Seminar is Successful
More than 50 attorneys, accountants, landowners,
and others interested in land preservation, attended
a seminar held on May 16 and May 18. Jointly sponsored
by the Northern Neck Land Conservancy and the
Middle Peninsula Land Trust, the program offered
detailed information on land preservation agreements
and their benefits.
The May 16 session was held at the Glenns Campus
of the Rappahannock Community College (RCC). Mary
Helen Morgan, president of Middle Peninsula Land
Trust, served as moderator. The May 18 session,
held at RCC Warsaw campus was led by Mary Louisa
Pollard, President of the Northern Neck Land Conservancy.

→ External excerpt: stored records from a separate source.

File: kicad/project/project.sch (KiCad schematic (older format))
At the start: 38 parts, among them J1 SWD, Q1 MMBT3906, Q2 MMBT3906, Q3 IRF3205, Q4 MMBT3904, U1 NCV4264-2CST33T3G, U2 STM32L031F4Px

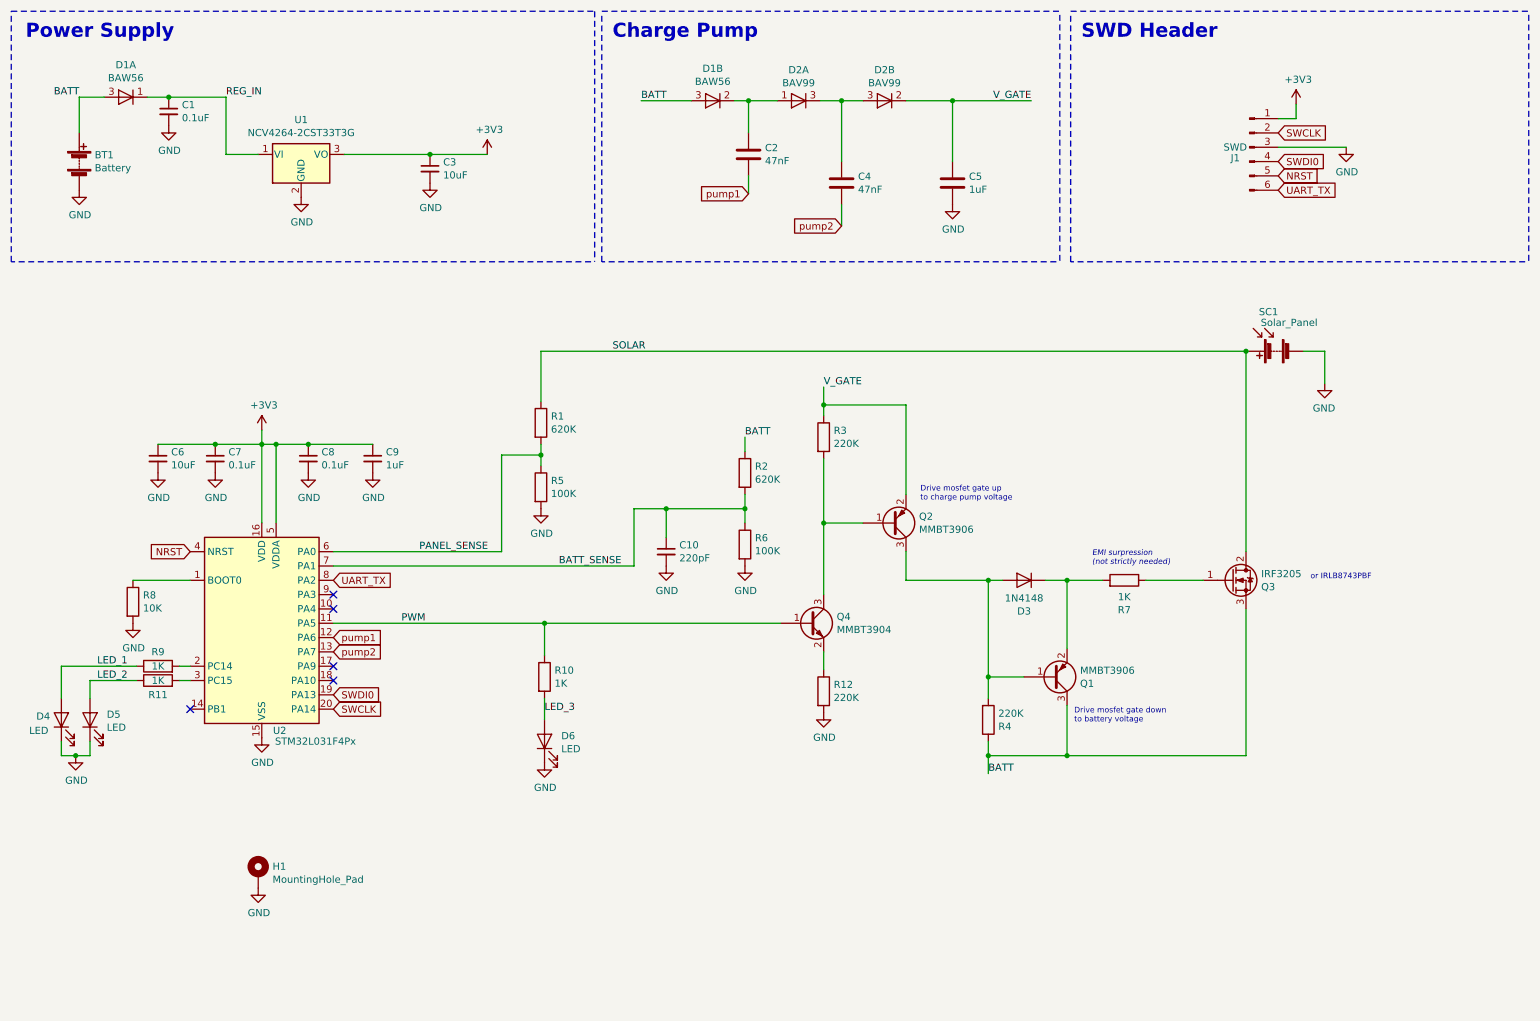
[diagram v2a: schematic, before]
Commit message: Clearer schematic
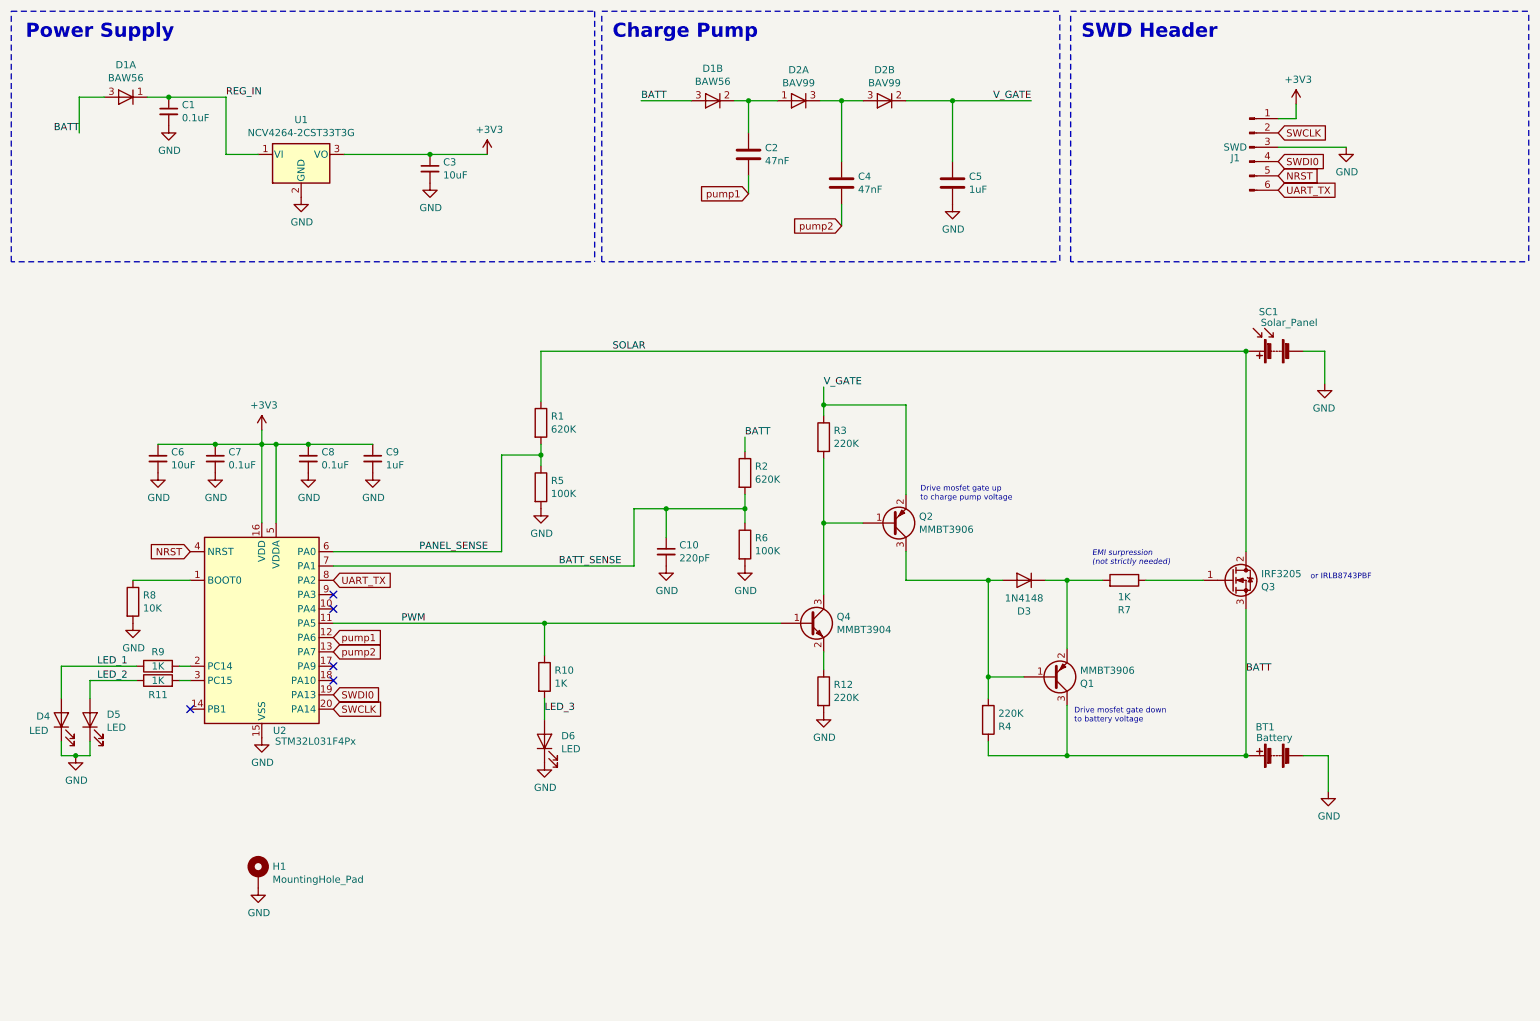
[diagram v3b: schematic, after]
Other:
- moved on the sheet: BT1
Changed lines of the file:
@@
 L power:GND #PWR06
 U 1 1 5C80809F
-P 1025 1850
-F 0 "#PWR06" H 1025 1600 50  0001 C CNN
-F 1 "GND" H 1030 1677 50  0000 C CNN
-F 2 "" H 1025 1850 50  0001 C CNN
-F 3 "" H 1025 1850 50  0001 C CNN
-	1    1025 1850
+P 9750 6050
+F 0 "#PWR06" H 9750 5800 50  0001 C CNN
+F 1 "GND" H 9755 5877 50  0000 C CNN
+F 2 "" H 9750 6050 50  0001 C CNN
+F 3 "" H 9750 6050 50  0001 C CNN
+	1    9750 6050
 	1    0    0    -1
 $EndComp
@@
 L Device:Battery BT1
 U 1 1 5CDC3C72
-P 1025 1650
-F 0 "BT1" H 1133 1696 50  0000 L CNN
-F 1 "Battery" H 1133 1605 50  0000 L CNN
-F 2 "TerminalBlock:TerminalBlock_bornier-2_P5.08mm" V 1025 1710 50  0001 C CNN
-F 3 "~" V 1025 1710 50  0001 C CNN
-	1    1025 1650
-	1    0    0    -1
+P 9375 5800
+F 0 "BT1" V 9575 5800 50  0000 L CNN
+F 1 "Battery" V 9500 5675 50  0000 L CNN
+F 2 "TerminalBlock:TerminalBlock_bornier-2_P5.08mm" V 9375 5860 50  0001 C CNN
+F 3 "~" V 9375 5860 50  0001 C CNN
+	1    9375 5800
+	0    -1   -1   0
 $EndComp
 $Comp
@@
 	1500 1200 1650 1200
 Connection ~ 1650 1200
-Text Label 1025 1200 2    50   ~ 0
+Text Label 1025 1450 2    50   ~ 0
 BATT
 $Comp
@@
 Wire Wire Line
 	6800 4575 6800 4375
-Text Label 7375 5925 0    50   ~ 0
+Text Label 9175 5225 0    50   ~ 0
 BATT
-Wire Wire Line
-	7375 5925 7375 5800
 Wire Wire Line
 	7375 5400 7375 5250
@@
 Wire Wire Line
 	7925 5800 7375 5800
-Connection ~ 7375 5800
 Wire Wire Line
 	7375 5800 7375 5700
@@
 Wire Wire Line
 	9175 2975 9175 4375
+Connection ~ 9175 5800
+Wire Wire Line
+	9575 5800 9750 5800
+Wire Wire Line
+	9750 5800 9750 6050
 $EndSCHEMATC

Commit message: Allow for solid connection to mosfet
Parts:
- BT1: footprint TerminalBlock:TerminalBlock_bornier-2_P5.08mm -> theapi:TerminalBlock_bornier-2_P5.08mm
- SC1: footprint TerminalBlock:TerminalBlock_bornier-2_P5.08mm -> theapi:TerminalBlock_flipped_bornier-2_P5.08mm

Dr. Elizabeth Crowther, RCC president, welcomed
participants at both programs on behalf of the
college.
Entitled, "Land Preservation
Agreements, Requirements and Benefits for Tax
Planning: Strategies that help your land work
for you", the seminar focused on the conservation
easement, a simple legal agreement between a landowner
and a government agency or a non-profit conservation
organization which places permanent limits on
the development of the property.
Catherine Scott outlined the special characteristics
of conservation easements:
1) They are totally voluntary
2) They keep property in private ownership (and
on tax rolls)
3) They are perpetual
4) They protect a variety of landscapes, i.e.,
agricultural, forest land, historic, etc.
5) They are individual
She talked about the landowners who donate conservation
easements, “They love their land, first
and foremost. They also realize that there are
significant tax and estate benefits and, for some,
it is the only way they are able to pass their
land on to their heirs.”
Scott is Director of Land Conservation for Piedmont
Environmental Council and a member of the DC bar.
She asked, “How many things can you do in
life that are for forever?” She also described
the sense of pride found in Virginia’s Piedmont
where landowners display signs identifying their
property as being under protection of conservation
easement.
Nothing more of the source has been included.